• **Data for analysis**:
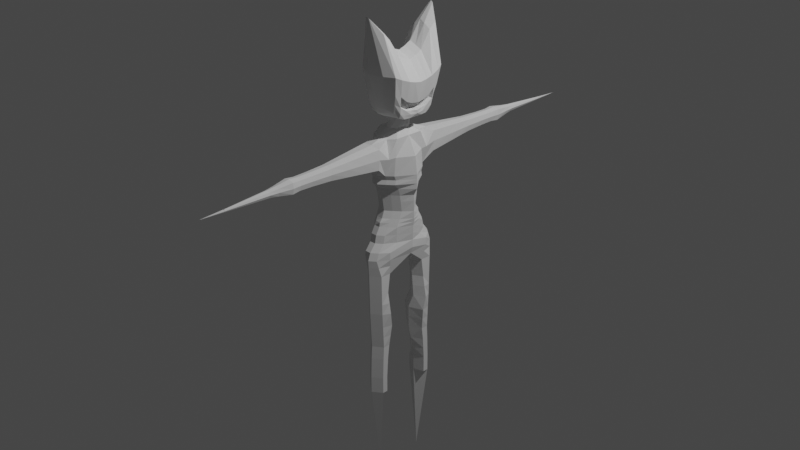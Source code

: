 # Source: smiling_bro.blend  (saved by Blender 2.80.75; exported with 4.5.12 LTS)
import bpy
from mathutils import Matrix  # noqa: F401  (used for matrix-valued properties, if any)

bpy.ops.wm.read_factory_settings(use_empty=True)
scene = bpy.context.scene
scene.name = 'Scene'

# ---- collections
col_collection = bpy.data.collections.new('Collection'); scene.collection.children.link(col_collection)

# ---- world
world_world = bpy.data.worlds.new('World'); scene.world = world_world
world_world.use_nodes = True; world_world.node_tree.nodes.clear()
_N = world_world.node_tree.nodes; _L = world_world.node_tree.links
n0 = _N.new('ShaderNodeOutputWorld'); n0.name = 'World Output'; n0.location = (300, 300)
n1 = _N.new('ShaderNodeBackground'); n1.name = 'Background'; n1.location = (10, 300)
n1.inputs[0].default_value = (0.05088, 0.05088, 0.05088, 1.0)
_L.new(n1.outputs[0], n0.inputs[0])
n0.is_active_output = True
world_world.color = (0.05088, 0.05088, 0.05088)
world_world.use_sun_shadow = False
world_world.sun_shadow_jitter_overblur = 0.0

# ---- cameras
cam_camera = bpy.data.cameras.new('Camera')
cam_camera.clip_end = 100.0
cam_camera.ortho_scale = 7.314

# ---- lights
light_light = bpy.data.lights.new('Light', 'POINT')
light_light.transmission_factor = 0.0
light_light.energy = 1000.0
light_light.shadow_soft_size = 0.1
light_light.shadow_maximum_resolution = 0.006
light_light.use_absolute_resolution = True

# ---- meshes
me_plane = bpy.data.meshes.new('Plane')
me_plane.from_pydata([(-1.0, -1.579, 0.0), (1.0, -1.161, 0.0), (-1.0, 0.0, 0.0), (1.516, 0.0, 0.0), (-1.0, -1.308, 0.6077), (1.0, -0.8906, 0.6077), (-1.0, 0.0, 0.6077), (1.597, 0.0, 0.6077), (-1.0, -1.106, 1.175), (1.0, -0.6881, 1.175), (-1.248, 0.0, 1.175), (1.583, 0.0, 1.175), (-1.0, -1.214, 1.999), (1.0, -0.7961, 1.999), (-1.416, 0.0, 1.999), (1.583, 0.0, 1.999), (-1.0, -1.281, 2.498), (1.0, -0.8636, 2.498), (-1.608, 0.0, 2.498), (1.583, 0.0, 2.498), (-1.0, -1.43, 3.065), (1.0, -1.012, 3.065), (-1.912, 0.0, 3.065), (1.875, 0.0, 3.065), (-1.0, -1.754, 3.484), (1.0, -1.336, 3.484), (-2.137, 0.0, 3.484), (1.875, 0.0, 3.484), (-1.0, -1.687, 3.835), (1.0, -1.269, 3.835), (-2.272, 0.0, 3.835), (1.875, 0.0, 3.835), (-1.0, -1.822, 4.186), (1.0, -1.404, 4.186), (-2.317, 0.0, 4.186), (1.875, 0.0, 4.186), (-1.0, -1.579, 7.008), (1.0, -1.161, 7.008), (-1.94, 0.0, 7.008), (1.0, 0.0, 7.008), (0.0, -2.005, 0.0), (-1.159, 0.0, -0.5964), (0.0, -1.735, 0.6077), (0.0, -1.532, 1.175), (0.0, -1.64, 1.999), (0.0, -1.708, 2.498), (0.0, -1.856, 3.065), (0.0, -2.18, 3.484), (0.0, -2.113, 3.835), (0.0, -2.248, 4.186), (0.0, -1.843, 7.008), (-1.021, 0.0, 8.391), (0.5, -1.611, 0.0), (0.5, -1.341, 0.6077), (0.5, -1.138, 1.175), (0.5, -1.246, 1.999), (0.5, -1.314, 2.498), (0.5, -1.462, 3.065), (0.5, -1.786, 3.484), (0.5, -1.719, 3.835), (0.5, -1.854, 4.186), (0.3919, -1.611, 6.903), (1.0, -1.183, -0.5964), (-0.7924, -2.427, 14.59), (-1.0, -1.601, -0.5964), (-0.9126, -1.745, 8.965), (-0.5, -2.005, 0.0), (-0.5, -1.735, 0.6077), (-0.5, -1.532, 1.175), (-0.5, -1.64, 1.999), (-0.5, -1.708, 2.498), (-0.5, -1.856, 3.065), (-0.5, -2.18, 3.484), (-0.5, -2.113, 3.835), (-0.5, -2.248, 4.186), (-0.5048, -1.761, 6.923), (-1.0, 0.0, 0.3038), (1.562, 0.0, 0.3038), (1.0, -1.026, 0.3038), (-1.0, -1.443, 0.3038), (0.0, -1.948, 0.3038), (0.5, -1.476, 0.3038), (-0.5, -1.87, 0.3038), (-1.0, -1.7, 5.597), (-2.35, 0.0, 5.597), (1.713, 0.0, 5.597), (1.0, -1.282, 5.597), (0.9364, -1.862, 5.597), (-0.7313, -2.191, 5.597), (1.497, 0.0, -0.5964), (-1.324e-16, -2.327, -0.5964), (0.5, -1.933, -0.5964), (-0.5, -2.327, -0.5964), (-1.206, 0.0, -1.215), (1.0, -1.194, -1.215), (-1.0, -1.612, -1.215), (1.45, 0.0, -1.215), (-2.699e-16, -2.455, -1.215), (0.5, -2.061, -1.215), (-0.5, -2.455, -1.215), (-1.206, 0.0, -1.846), (1.0, -1.854, -1.846), (-1.0, -2.272, -1.846), (1.46, 0.0, -1.846), (-4.098e-16, -2.932, -1.846), (0.5, -2.538, -1.846), (-0.5, -2.932, -1.846), (-1.0, 0.0, -2.477), (1.0, -1.845, -2.453), (-1.0, -1.625, -2.453), (1.272, 0.0, -2.405), (-5.447e-16, -3.143, -2.453), (0.5, -2.749, -2.453), (-0.8933, -2.639, -2.453), (-0.7508, -2.397, -8.192), (0.7502, -2.397, -8.192), (-1.122, -1.656, -8.192), (0.9602, -1.656, -8.192), (-0.7508, -2.453, -7.044), (0.7502, -2.453, -7.044), (-0.7508, -1.85, -7.044), (1.054, -1.85, -7.044), (-0.7508, -2.481, -5.336), (0.7502, -2.481, -5.336), (-0.7508, -1.85, -5.336), (0.7502, -1.85, -5.336), (-0.7508, -2.509, -3.768), (0.7502, -2.509, -3.768), (-0.7508, -1.656, -3.768), (0.7502, -1.656, -3.768), (-0.7508, -2.313, -10.01), (0.7502, -2.313, -10.01), (-0.9919, -1.761, -10.01), (0.7502, -1.761, -10.01), (-0.0002682, -3.073, -3.768), (-0.7508, -2.369, -11.08), (0.7502, -2.369, -11.08), (-0.8116, -1.889, -11.08), (0.7502, -1.889, -11.08), (-0.0002682, -3.045, -5.336), (-0.7508, -2.425, -12.81), (0.7502, -2.425, -12.81), (-0.7537, -1.995, -12.81), (0.7502, -1.995, -12.81), (-0.0002682, -3.017, -7.044), (-0.7508, -2.425, -13.26), (0.7502, -2.425, -13.26), (-0.9174, -1.995, -13.26), (0.7502, -1.995, -13.26), (-0.0002682, -2.961, -8.192), (-0.0002682, -2.877, -10.01), (-0.0002682, -2.933, -11.08), (-0.0002682, -2.989, -12.81), (-0.0002682, -2.989, -13.26), (-0.0002682, -1.367, -5.336), (-0.0002682, -1.172, -3.768), (0.1514, -1.367, -7.044), (-0.1986, -1.172, -8.192), (-0.2686, -1.278, -10.01), (-0.1519, -1.406, -11.08), (-0.1286, -1.698, -12.81), (-0.1286, -1.698, -13.26), (0.1853, 0.0, -3.216), (-0.337, -9.45, 5.386), (-0.3789, -9.45, 6.169), (-0.3538, -8.367, 5.37), (-0.3957, -8.367, 6.186), (0.3562, -9.45, 5.386), (0.3892, -9.45, 6.141), (0.373, -8.367, 5.369), (0.406, -8.367, 6.158), (-0.4116, -6.811, 5.312), (-0.4535, -6.811, 6.244), (0.4308, -6.811, 5.311), (0.4639, -6.811, 6.216), (-0.7614, -2.701, 4.963), (-0.8027, -2.701, 6.593), (0.7805, -2.701, 4.962), (0.813, -2.701, 6.565), (-0.3925, -10.1, 5.331), (-0.4344, -10.1, 6.225), (0.4117, -10.1, 5.33), (0.4447, -10.1, 6.196), (-0.2409, -11.2, 5.483), (-0.2828, -11.2, 6.073), (0.2601, -11.2, 5.482), (0.2931, -11.2, 6.045), (-0.1658, -11.9, 5.558), (-0.2077, -11.9, 5.998), (0.185, -11.9, 5.557), (0.218, -11.9, 5.97), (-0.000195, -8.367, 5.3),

• **Task details**: Beginning with the line containing "# ---- cameras" in the material above, copy every line exactly until you have copied the line containing "# ---- meshes".

• **Task response**:
# ---- cameras
cam_camera = bpy.data.cameras.new('Camera')
cam_camera.clip_end = 100.0
cam_camera.ortho_scale = 7.314

# ---- lights
light_light = bpy.data.lights.new('Light', 'POINT')
light_light.transmission_factor = 0.0
light_light.energy = 1000.0
light_light.shadow_soft_size = 0.1
light_light.shadow_maximum_resolution = 0.006
light_light.use_absolute_resolution = True

# ---- meshes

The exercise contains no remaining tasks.